▶ WHAT NEEDS TO BE DONE: Pictures are to be left out, and every entry repeated exactly.

Stored data:
= Beginning of Section =

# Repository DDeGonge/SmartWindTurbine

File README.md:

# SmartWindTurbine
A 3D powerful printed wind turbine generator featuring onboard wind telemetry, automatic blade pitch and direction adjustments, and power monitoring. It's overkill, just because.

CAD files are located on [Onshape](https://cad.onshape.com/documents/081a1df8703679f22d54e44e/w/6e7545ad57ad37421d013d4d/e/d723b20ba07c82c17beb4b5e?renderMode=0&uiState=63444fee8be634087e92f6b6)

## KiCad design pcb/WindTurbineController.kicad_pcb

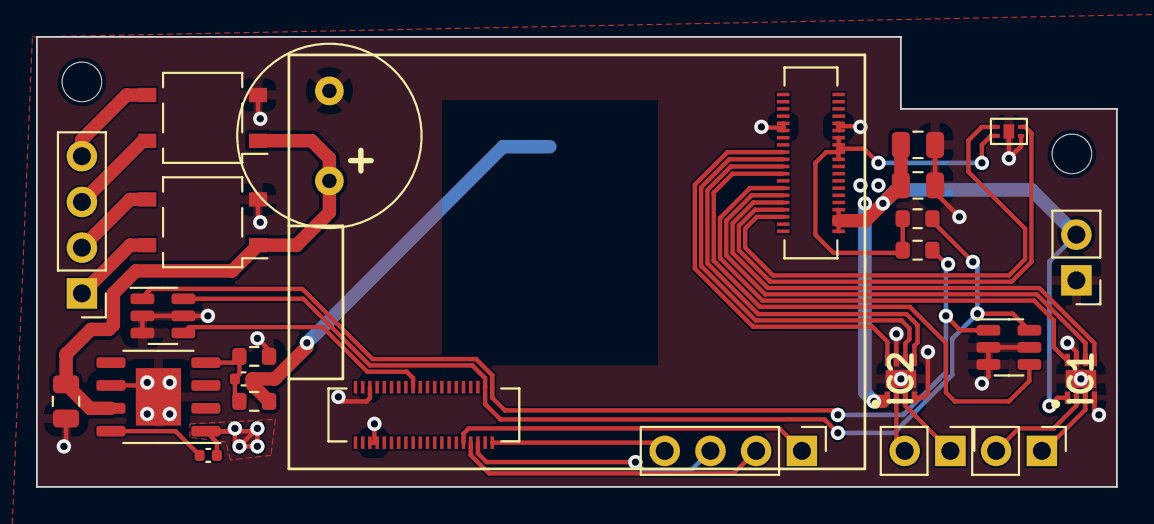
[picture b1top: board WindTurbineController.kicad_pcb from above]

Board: 2 copper layers, 60.0 x 25.0 mm, 27 parts (1 on the bottom side), 27 nets.

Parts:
C1: 220uF; C_Radial_D10.0mm_H16.0mm_P5.00mm
C2, C3, C6: 10uF; C_0805_2012Metric
C4: 82pF; C_0402_1005Metric
C5: 10nF; C_0402_1005Metric
D1, D2: D_Bridge_+-AA; TO-269AA
IC1, IC2: DRV8220DSGR; SON50P200X200X80-9N
J1, J2, J4: Conn_01x02; PinHeader_1x02_P2.54mm_Vertical
J3, J5: Conn_01x04; PinHeader_1x04_P2.54mm_Vertical
J6, J7: Conn_01x01; MountingHole_2.2mm_M2
L1: 32.5uH; PCC-M105xx
R1, R2, R4: 11.3k; R_0603_1608Metric
R3: 100k; R_0603_1608Metric
U1: MUBv1; MUB_v1
U2, U3: TLV493D; SOT-23-6
U4: AH1388; X2-DFN1410-4
U5: RT8279GSP; SOIC-8-1EP_3.9x4.9mm_P1.27mm_EP2.514x3.2mm

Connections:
+3V3: R1.1, R2.1, U1.62 (3v3), U1.64 (3v3), U1.66 (3v3), U1.68 (3v3), U4.1 (VDD)
+12V: C2.1, C3.1, C4.2, IC1.1 (VM), IC2.1 (VM), J4.2, L1.1, R3.1, U1.42 (Vin), U1.44 (Vin), U1.46 (Vin), U1.48 (Vin)
+VDC: C1.1, C6.1, D1.1 (+), D2.1 (+), U5.7 (VIN)
/HS_N: U1.45 (GPIO15), U4.4 (OUT1)
/HS_S: U1.47 (GPIO14), U4.3 (OUT2)
/IND_IN: C5.1, L1.2, U5.1 (BOOT)
/M0_EN0: IC1.5 (IN2/EN), U1.49 (GPIO13)
/M0_EN1: IC1.6 (IN1/PH), U1.51 (GPIO12)
/M0_SLEEP: IC1.8 (NSLEEP), U1.53 (GPIO11)
/M1_EN0: IC2.5 (IN2/EN), U1.59 (GPIO8)
/M1_EN1: IC2.6 (IN1/PH), U1.61 (GPIO7)
/M1_SLEEP: IC2.8 (NSLEEP), U1.63 (GPIO6)
/SCL: R2.2, U1.39 (SCL), U2.1 (SCL/INT), U3.1 (SCL/INT)
/SDA: R1.2, U1.37 (SDA), U2.6 (SDA/ADDR), U3.6 (SDA/ADDR)
/TLV0_POWER: U1.57 (GPIO9), U2.4 (VDD)
/TLV1_POWER: U1.17 (GPIO27), U3.4 (VDD)
GND: C1.2, C2.2, C3.2, C6.2, D1.2 (-), D2.2 (-), IC1.4 (GND), IC1.7 (MODE), IC1.9 (EP), IC2.4 (GND), IC2.7 (MODE), IC2.9 (EP), J4.1, R4.2, U1.5 (gnd), U1.6 (gnd), U1.8 (gnd), U1.69 (gnd), U1.70 (gnd), U1.71 (gnd), U1.72 (gnd), U2.2 (GND), U2.3 (GND), U2.5 (GND), U3.2 (GND), U3.3 (GND), U3.5 (GND), U4.2 (GND), U5.6 (GND), U5.9 (EPAD)
unnamed: D1.4, J3.1
unnamed: D1.3, J3.2
unnamed: D2.4, J3.3
unnamed: D2.3, J3.4
unnamed: J5.1, U1.32 (GPIO20)
unnamed: J5.2, U1.34 (GPIO19)
unnamed: J5.3, U1.36 (GPIO18)
unnamed: J5.4, U1.40 (GPIO17)
unnamed: C4.1, R3.2, R4.1, U5.4 (FB)
unnamed: C5.2, U5.8 (SW)

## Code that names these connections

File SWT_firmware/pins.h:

#define TLV0_PWR 9
#define TLV1_PWR 27

#define HS_S 14
#define HS_N 15

#define M1_EN0 13
#define M1_EN1 12
#define M1_SLEEP 11

#define M0_EN0 8
#define M0_EN1 7
#define M0_SLEEP 6

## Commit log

2023-01-07 all of the work
2023-02-04 fixes

= End of Section =

▶ RESULT BELOW:
# Repository DDeGonge/SmartWindTurbine

File README.md:

# SmartWindTurbine
A 3D powerful printed wind turbine generator featuring onboard wind telemetry, automatic blade pitch and direction adjustments, and power monitoring. It's overkill, just because.

CAD files are located on [Onshape](https://cad.onshape.com/documents/081a1df8703679f22d54e44e/w/6e7545ad57ad37421d013d4d/e/d723b20ba07c82c17beb4b5e?renderMode=0&uiState=63444fee8be634087e92f6b6)

## KiCad design pcb/WindTurbineController.kicad_pcb

[picture b1top: board WindTurbineController.kicad_pcb from above]

Board: 2 copper layers, 60.0 x 25.0 mm, 27 parts (1 on the bottom side), 27 nets.

Parts:
C1: 220uF; C_Radial_D10.0mm_H16.0mm_P5.00mm
C2, C3, C6: 10uF; C_0805_2012Metric
C4: 82pF; C_0402_1005Metric
C5: 10nF; C_0402_1005Metric
D1, D2: D_Bridge_+-AA; TO-269AA
IC1, IC2: DRV8220DSGR; SON50P200X200X80-9N
J1, J2, J4: Conn_01x02; PinHeader_1x02_P2.54mm_Vertical
J3, J5: Conn_01x04; PinHeader_1x04_P2.54mm_Vertical
J6, J7: Conn_01x01; MountingHole_2.2mm_M2
L1: 32.5uH; PCC-M105xx
R1, R2, R4: 11.3k; R_0603_1608Metric
R3: 100k; R_0603_1608Metric
U1: MUBv1; MUB_v1
U2, U3: TLV493D; SOT-23-6
U4: AH1388; X2-DFN1410-4
U5: RT8279GSP; SOIC-8-1EP_3.9x4.9mm_P1.27mm_EP2.514x3.2mm

Connections:
+3V3: R1.1, R2.1, U1.62 (3v3), U1.64 (3v3), U1.66 (3v3), U1.68 (3v3), U4.1 (VDD)
+12V: C2.1, C3.1, C4.2, IC1.1 (VM), IC2.1 (VM), J4.2, L1.1, R3.1, U1.42 (Vin), U1.44 (Vin), U1.46 (Vin), U1.48 (Vin)
+VDC: C1.1, C6.1, D1.1 (+), D2.1 (+), U5.7 (VIN)
/HS_N: U1.45 (GPIO15), U4.4 (OUT1)
/HS_S: U1.47 (GPIO14), U4.3 (OUT2)
/IND_IN: C5.1, L1.2, U5.1 (BOOT)
/M0_EN0: IC1.5 (IN2/EN), U1.49 (GPIO13)
/M0_EN1: IC1.6 (IN1/PH), U1.51 (GPIO12)
/M0_SLEEP: IC1.8 (NSLEEP), U1.53 (GPIO11)
/M1_EN0: IC2.5 (IN2/EN), U1.59 (GPIO8)
/M1_EN1: IC2.6 (IN1/PH), U1.61 (GPIO7)
/M1_SLEEP: IC2.8 (NSLEEP), U1.63 (GPIO6)
/SCL: R2.2, U1.39 (SCL), U2.1 (SCL/INT), U3.1 (SCL/INT)
/SDA: R1.2, U1.37 (SDA), U2.6 (SDA/ADDR), U3.6 (SDA/ADDR)
/TLV0_POWER: U1.57 (GPIO9), U2.4 (VDD)
/TLV1_POWER: U1.17 (GPIO27), U3.4 (VDD)
GND: C1.2, C2.2, C3.2, C6.2, D1.2 (-), D2.2 (-), IC1.4 (GND), IC1.7 (MODE), IC1.9 (EP), IC2.4 (GND), IC2.7 (MODE), IC2.9 (EP), J4.1, R4.2, U1.5 (gnd), U1.6 (gnd), U1.8 (gnd), U1.69 (gnd), U1.70 (gnd), U1.71 (gnd), U1.72 (gnd), U2.2 (GND), U2.3 (GND), U2.5 (GND), U3.2 (GND), U3.3 (GND), U3.5 (GND), U4.2 (GND), U5.6 (GND), U5.9 (EPAD)
unnamed: D1.4, J3.1
unnamed: D1.3, J3.2
unnamed: D2.4, J3.3
unnamed: D2.3, J3.4
unnamed: J5.1, U1.32 (GPIO20)
unnamed: J5.2, U1.34 (GPIO19)
unnamed: J5.3, U1.36 (GPIO18)
unnamed: J5.4, U1.40 (GPIO17)
unnamed: C4.1, R3.2, R4.1, U5.4 (FB)
unnamed: C5.2, U5.8 (SW)

## Code that names these connections

File SWT_firmware/pins.h:

#define TLV0_PWR 9
#define TLV1_PWR 27

#define HS_S 14
#define HS_N 15

#define M1_EN0 13
#define M1_EN1 12
#define M1_SLEEP 11

#define M0_EN0 8
#define M0_EN1 7
#define M0_SLEEP 6

## Commit log

2023-01-07 all of the work
2023-02-04 fixes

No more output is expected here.